:: DATA RECORDS

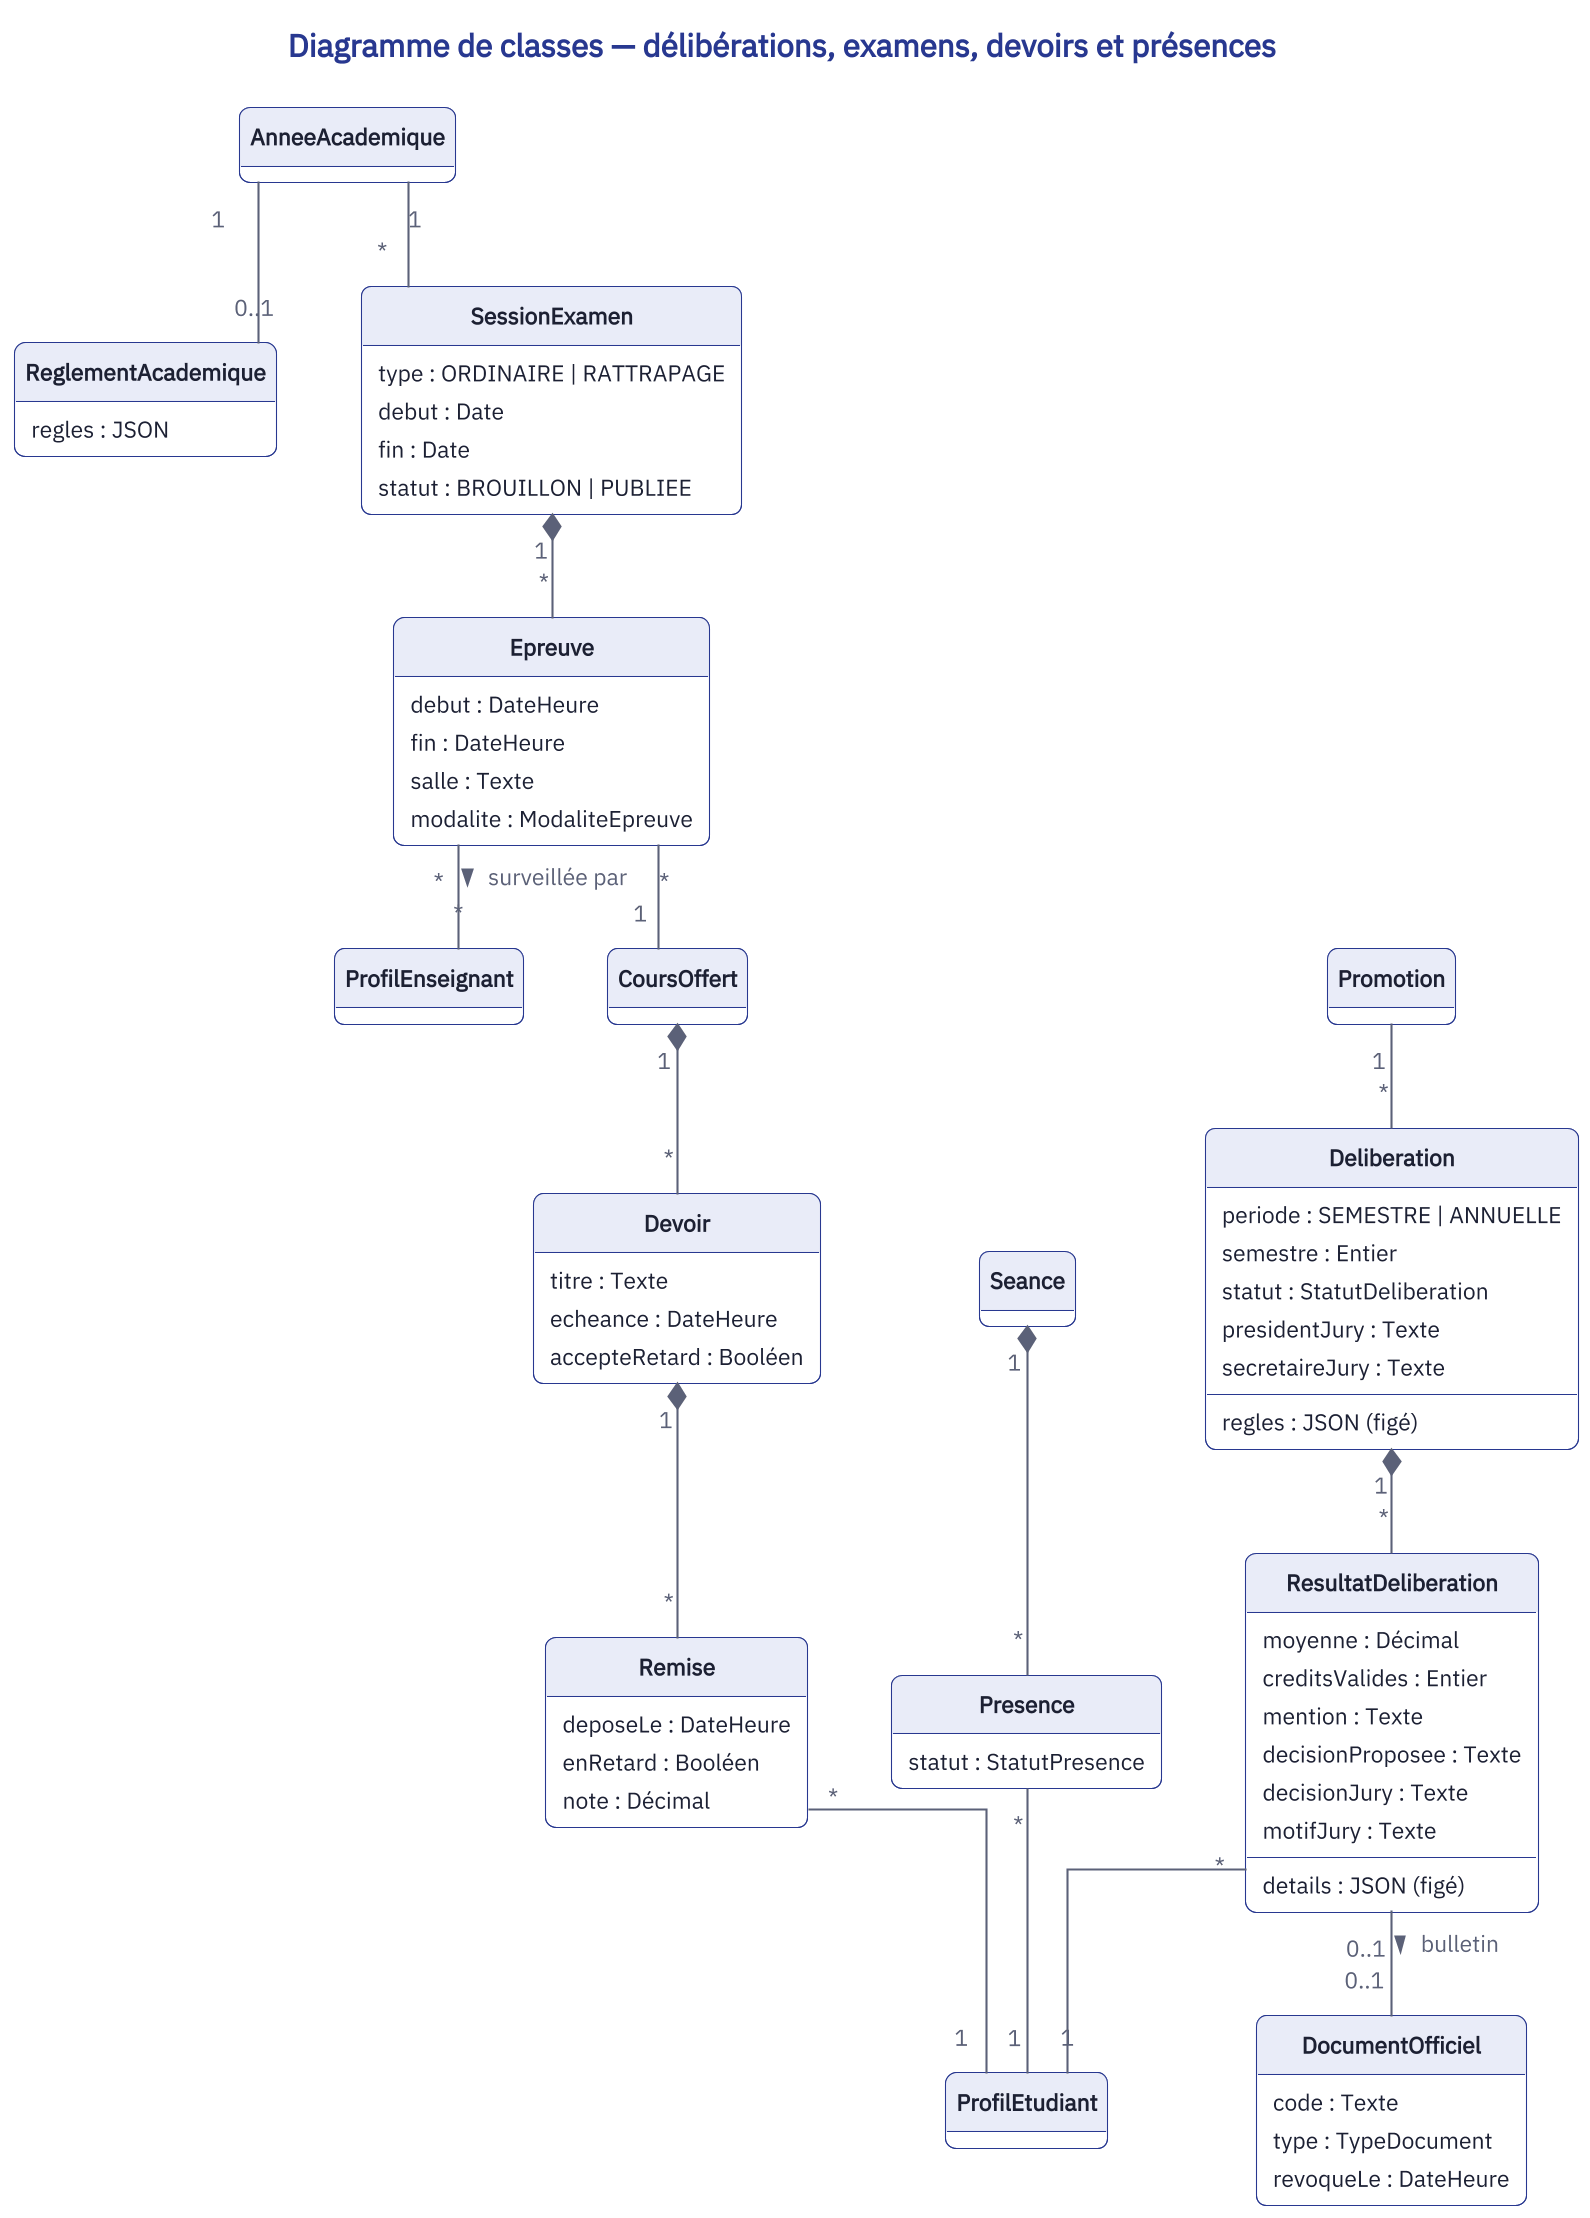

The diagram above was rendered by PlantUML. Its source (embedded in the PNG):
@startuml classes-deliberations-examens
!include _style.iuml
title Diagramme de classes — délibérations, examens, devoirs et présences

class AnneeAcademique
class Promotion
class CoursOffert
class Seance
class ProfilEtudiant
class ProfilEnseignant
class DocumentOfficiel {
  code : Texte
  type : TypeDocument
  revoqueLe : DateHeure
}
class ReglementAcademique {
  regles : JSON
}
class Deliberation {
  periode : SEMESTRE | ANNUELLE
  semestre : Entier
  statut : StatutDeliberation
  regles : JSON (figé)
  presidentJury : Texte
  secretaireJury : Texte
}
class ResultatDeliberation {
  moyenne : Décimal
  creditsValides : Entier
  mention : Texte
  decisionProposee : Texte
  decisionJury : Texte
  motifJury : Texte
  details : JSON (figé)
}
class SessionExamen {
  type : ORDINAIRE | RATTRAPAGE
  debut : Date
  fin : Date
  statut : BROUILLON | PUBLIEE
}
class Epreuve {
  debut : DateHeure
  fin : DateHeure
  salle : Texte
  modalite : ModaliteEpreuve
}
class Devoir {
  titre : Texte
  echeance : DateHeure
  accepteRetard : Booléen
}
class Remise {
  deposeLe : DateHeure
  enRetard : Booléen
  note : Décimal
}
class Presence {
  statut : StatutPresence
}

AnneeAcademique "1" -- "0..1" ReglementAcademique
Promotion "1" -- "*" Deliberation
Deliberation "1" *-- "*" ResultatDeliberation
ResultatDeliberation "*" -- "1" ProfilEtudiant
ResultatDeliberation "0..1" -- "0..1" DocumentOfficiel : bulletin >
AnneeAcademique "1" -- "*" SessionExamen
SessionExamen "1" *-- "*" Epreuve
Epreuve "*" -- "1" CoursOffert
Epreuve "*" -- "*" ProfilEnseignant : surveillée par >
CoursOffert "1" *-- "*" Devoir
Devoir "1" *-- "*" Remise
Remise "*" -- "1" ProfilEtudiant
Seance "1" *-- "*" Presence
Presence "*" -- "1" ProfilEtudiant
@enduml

::::

— THE TASK —
Exactly as written, print each entry, leaving all pictures out.

— WRITTEN ANSWER —
The diagram above was rendered by PlantUML. Its source (embedded in the PNG):
@startuml classes-deliberations-examens
!include _style.iuml
title Diagramme de classes — délibérations, examens, devoirs et présences

class AnneeAcademique
class Promotion
class CoursOffert
class Seance
class ProfilEtudiant
class ProfilEnseignant
class DocumentOfficiel {
  code : Texte
  type : TypeDocument
  revoqueLe : DateHeure
}
class ReglementAcademique {
  regles : JSON
}
class Deliberation {
  periode : SEMESTRE | ANNUELLE
  semestre : Entier
  statut : StatutDeliberation
  regles : JSON (figé)
  presidentJury : Texte
  secretaireJury : Texte
}
class ResultatDeliberation {
  moyenne : Décimal
  creditsValides : Entier
  mention : Texte
  decisionProposee : Texte
  decisionJury : Texte
  motifJury : Texte
  details : JSON (figé)
}
class SessionExamen {
  type : ORDINAIRE | RATTRAPAGE
  debut : Date
  fin : Date
  statut : BROUILLON | PUBLIEE
}
class Epreuve {
  debut : DateHeure
  fin : DateHeure
  salle : Texte
  modalite : ModaliteEpreuve
}
class Devoir {
  titre : Texte
  echeance : DateHeure
  accepteRetard : Booléen
}
class Remise {
  deposeLe : DateHeure
  enRetard : Booléen
  note : Décimal
}
class Presence {
  statut : StatutPresence
}

AnneeAcademique "1" -- "0..1" ReglementAcademique
Promotion "1" -- "*" Deliberation
Deliberation "1" *-- "*" ResultatDeliberation
ResultatDeliberation "*" -- "1" ProfilEtudiant
ResultatDeliberation "0..1" -- "0..1" DocumentOfficiel : bulletin >
AnneeAcademique "1" -- "*" SessionExamen
SessionExamen "1" *-- "*" Epreuve
Epreuve "*" -- "1" CoursOffert
Epreuve "*" -- "*" ProfilEnseignant : surveillée par >
CoursOffert "1" *-- "*" Devoir
Devoir "1" *-- "*" Remise
Remise "*" -- "1" ProfilEtudiant
Seance "1" *-- "*" Presence
Presence "*" -- "1" ProfilEtudiant
@enduml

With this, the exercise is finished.